Repeat exactly, and only, the lines below starting at the line that contains "blk.add_line((132.27, 1.75), (132.27, -1.75), dxfattribs=at)" and ending at the line that contains "blk.add_line((106.39, -1.75), (106.39, 1.75), dxfattribs=at)", inclusive of both.

+===+

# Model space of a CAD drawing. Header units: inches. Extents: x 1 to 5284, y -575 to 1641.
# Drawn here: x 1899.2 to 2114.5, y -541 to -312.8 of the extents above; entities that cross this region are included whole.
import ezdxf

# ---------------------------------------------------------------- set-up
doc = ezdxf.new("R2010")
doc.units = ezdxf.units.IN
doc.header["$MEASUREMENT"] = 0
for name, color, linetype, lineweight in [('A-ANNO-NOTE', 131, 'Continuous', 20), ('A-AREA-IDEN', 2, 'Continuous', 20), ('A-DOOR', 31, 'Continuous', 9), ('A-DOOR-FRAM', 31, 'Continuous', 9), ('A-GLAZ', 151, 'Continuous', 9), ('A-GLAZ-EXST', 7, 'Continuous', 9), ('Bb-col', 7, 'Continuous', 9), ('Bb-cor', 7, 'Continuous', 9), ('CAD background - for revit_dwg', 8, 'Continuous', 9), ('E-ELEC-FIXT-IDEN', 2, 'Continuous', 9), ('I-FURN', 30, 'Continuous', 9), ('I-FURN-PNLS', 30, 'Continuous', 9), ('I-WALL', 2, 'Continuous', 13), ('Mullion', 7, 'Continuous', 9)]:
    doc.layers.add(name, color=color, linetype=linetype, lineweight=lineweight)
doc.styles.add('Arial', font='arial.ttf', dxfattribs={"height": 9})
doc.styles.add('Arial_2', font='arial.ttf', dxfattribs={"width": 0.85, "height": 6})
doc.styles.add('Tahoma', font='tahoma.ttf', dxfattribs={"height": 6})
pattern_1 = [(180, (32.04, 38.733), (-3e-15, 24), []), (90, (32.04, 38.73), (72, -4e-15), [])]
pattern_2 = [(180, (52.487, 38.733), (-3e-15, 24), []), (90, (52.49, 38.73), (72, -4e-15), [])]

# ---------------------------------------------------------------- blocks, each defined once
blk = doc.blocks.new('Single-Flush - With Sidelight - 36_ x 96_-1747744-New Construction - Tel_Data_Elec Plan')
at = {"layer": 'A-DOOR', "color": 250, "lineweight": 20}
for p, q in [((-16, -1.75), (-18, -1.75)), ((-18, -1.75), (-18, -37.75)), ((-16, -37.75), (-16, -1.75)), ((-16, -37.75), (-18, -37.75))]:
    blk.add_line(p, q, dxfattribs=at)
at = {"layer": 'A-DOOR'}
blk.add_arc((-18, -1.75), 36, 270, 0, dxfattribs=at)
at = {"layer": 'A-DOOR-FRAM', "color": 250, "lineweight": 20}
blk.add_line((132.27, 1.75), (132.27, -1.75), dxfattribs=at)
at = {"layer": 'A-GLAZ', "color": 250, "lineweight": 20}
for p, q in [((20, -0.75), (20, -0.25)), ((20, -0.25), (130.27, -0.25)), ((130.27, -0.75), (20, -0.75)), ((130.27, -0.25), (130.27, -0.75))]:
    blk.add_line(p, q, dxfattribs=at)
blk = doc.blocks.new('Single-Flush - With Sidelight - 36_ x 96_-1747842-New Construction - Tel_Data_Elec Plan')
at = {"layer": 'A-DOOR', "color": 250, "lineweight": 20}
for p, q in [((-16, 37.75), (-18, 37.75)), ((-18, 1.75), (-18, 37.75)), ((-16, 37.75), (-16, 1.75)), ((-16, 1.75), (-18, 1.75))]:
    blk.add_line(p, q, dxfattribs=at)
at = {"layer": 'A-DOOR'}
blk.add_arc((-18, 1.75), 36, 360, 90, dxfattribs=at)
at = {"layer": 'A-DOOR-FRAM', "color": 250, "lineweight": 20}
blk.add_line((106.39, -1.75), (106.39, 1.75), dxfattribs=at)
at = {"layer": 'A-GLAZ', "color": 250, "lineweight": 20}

+===+

Task solution:
blk.add_line((132.27, 1.75), (132.27, -1.75), dxfattribs=at)
at = {"layer": 'A-GLAZ', "color": 250, "lineweight": 20}
for p, q in [((20, -0.75), (20, -0.25)), ((20, -0.25), (130.27, -0.25)), ((130.27, -0.75), (20, -0.75)), ((130.27, -0.25), (130.27, -0.75))]:
    blk.add_line(p, q, dxfattribs=at)
blk = doc.blocks.new('Single-Flush - With Sidelight - 36_ x 96_-1747842-New Construction - Tel_Data_Elec Plan')
at = {"layer": 'A-DOOR', "color": 250, "lineweight": 20}
for p, q in [((-16, 37.75), (-18, 37.75)), ((-18, 1.75), (-18, 37.75)), ((-16, 37.75), (-16, 1.75)), ((-16, 1.75), (-18, 1.75))]:
    blk.add_line(p, q, dxfattribs=at)
at = {"layer": 'A-DOOR'}
blk.add_arc((-18, 1.75), 36, 360, 90, dxfattribs=at)
at = {"layer": 'A-DOOR-FRAM', "color": 250, "lineweight": 20}
blk.add_line((106.39, -1.75), (106.39, 1.75), dxfattribs=at)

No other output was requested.